▸ What is expected
Before answering, work out how many lines below contain the string "revolve"; the reply is that number alone.

▸ Records to use
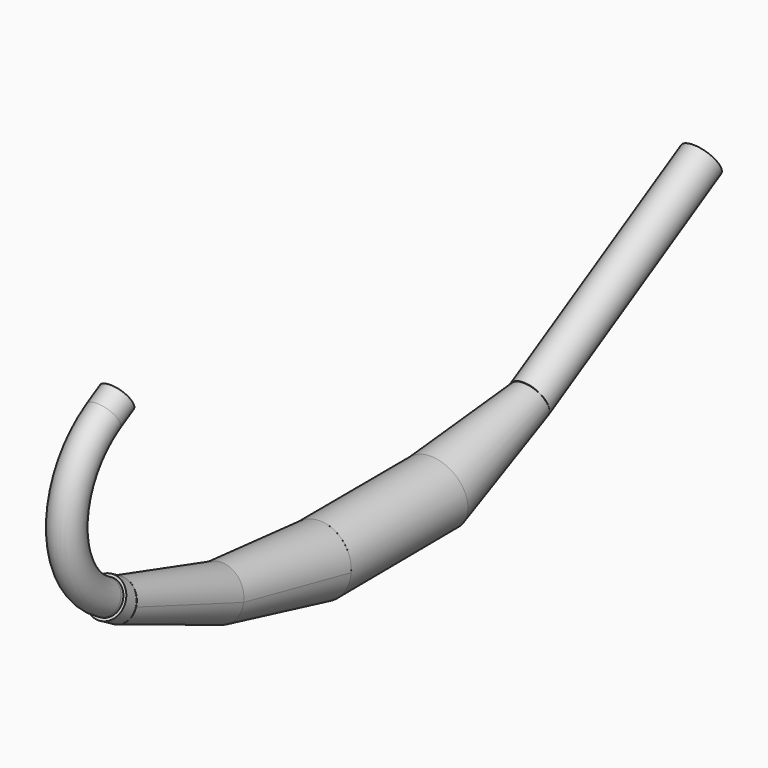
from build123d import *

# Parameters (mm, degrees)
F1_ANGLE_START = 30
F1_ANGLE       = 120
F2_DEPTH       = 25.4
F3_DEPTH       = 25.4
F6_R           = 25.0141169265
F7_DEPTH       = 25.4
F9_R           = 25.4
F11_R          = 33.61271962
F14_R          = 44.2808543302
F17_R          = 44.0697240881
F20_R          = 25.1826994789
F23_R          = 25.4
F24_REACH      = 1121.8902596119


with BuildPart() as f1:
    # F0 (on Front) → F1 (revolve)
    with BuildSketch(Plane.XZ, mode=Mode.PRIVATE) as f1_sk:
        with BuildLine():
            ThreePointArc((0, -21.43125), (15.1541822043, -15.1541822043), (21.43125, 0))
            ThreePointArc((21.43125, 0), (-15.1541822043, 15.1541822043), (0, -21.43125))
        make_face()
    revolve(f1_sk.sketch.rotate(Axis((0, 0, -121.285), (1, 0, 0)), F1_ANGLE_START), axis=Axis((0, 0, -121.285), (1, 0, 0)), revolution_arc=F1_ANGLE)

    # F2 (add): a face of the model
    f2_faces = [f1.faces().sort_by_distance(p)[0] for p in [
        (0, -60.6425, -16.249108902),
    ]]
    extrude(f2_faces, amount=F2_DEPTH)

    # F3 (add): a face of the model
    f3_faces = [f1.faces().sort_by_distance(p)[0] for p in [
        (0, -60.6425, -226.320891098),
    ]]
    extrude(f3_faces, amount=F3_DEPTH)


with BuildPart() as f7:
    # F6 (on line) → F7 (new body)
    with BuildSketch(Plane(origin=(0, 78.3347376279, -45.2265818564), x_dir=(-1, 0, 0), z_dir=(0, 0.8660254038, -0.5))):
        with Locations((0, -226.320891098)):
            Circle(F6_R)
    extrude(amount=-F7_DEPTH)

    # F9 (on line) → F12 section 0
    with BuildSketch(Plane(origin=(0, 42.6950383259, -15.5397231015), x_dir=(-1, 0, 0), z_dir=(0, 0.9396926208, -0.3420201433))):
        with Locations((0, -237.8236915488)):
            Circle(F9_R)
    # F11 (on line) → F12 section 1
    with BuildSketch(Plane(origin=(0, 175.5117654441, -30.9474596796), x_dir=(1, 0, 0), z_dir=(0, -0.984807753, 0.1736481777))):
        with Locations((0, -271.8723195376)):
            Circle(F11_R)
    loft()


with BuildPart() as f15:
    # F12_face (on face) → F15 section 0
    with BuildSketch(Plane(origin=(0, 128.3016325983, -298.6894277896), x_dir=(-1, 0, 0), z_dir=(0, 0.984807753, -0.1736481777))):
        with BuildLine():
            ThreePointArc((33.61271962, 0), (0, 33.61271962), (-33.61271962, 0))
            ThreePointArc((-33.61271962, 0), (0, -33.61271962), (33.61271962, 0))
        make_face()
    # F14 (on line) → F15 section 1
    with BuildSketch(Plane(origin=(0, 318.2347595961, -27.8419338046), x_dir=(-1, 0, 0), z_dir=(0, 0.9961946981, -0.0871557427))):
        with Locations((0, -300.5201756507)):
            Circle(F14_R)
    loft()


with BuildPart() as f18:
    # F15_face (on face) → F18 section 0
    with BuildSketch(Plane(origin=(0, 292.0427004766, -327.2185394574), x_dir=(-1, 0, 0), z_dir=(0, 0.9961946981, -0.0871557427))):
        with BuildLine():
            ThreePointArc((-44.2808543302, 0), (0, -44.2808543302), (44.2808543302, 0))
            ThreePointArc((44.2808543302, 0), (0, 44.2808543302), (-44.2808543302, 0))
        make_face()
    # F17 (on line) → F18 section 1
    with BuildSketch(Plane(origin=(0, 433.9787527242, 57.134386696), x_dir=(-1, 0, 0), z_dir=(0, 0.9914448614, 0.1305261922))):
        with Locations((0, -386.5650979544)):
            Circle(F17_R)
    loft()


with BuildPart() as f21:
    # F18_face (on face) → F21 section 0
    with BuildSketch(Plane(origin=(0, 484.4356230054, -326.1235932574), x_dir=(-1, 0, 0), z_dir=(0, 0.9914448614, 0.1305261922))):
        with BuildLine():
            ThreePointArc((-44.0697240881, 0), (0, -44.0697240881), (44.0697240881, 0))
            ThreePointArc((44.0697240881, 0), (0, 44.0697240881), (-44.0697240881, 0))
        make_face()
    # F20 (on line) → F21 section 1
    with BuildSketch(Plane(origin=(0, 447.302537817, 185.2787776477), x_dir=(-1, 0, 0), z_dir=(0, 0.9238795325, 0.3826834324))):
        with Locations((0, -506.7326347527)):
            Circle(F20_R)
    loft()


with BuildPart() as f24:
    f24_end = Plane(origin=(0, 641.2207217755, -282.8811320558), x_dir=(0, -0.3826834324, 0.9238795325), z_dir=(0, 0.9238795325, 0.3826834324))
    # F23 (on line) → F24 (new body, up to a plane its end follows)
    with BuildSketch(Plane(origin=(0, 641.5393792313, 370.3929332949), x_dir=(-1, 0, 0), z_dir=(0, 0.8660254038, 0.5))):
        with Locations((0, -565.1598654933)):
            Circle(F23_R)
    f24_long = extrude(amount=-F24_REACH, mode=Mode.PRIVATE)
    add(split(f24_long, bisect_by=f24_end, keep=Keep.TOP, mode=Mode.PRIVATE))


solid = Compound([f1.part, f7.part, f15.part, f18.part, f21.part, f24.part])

▸ Reply to the task
2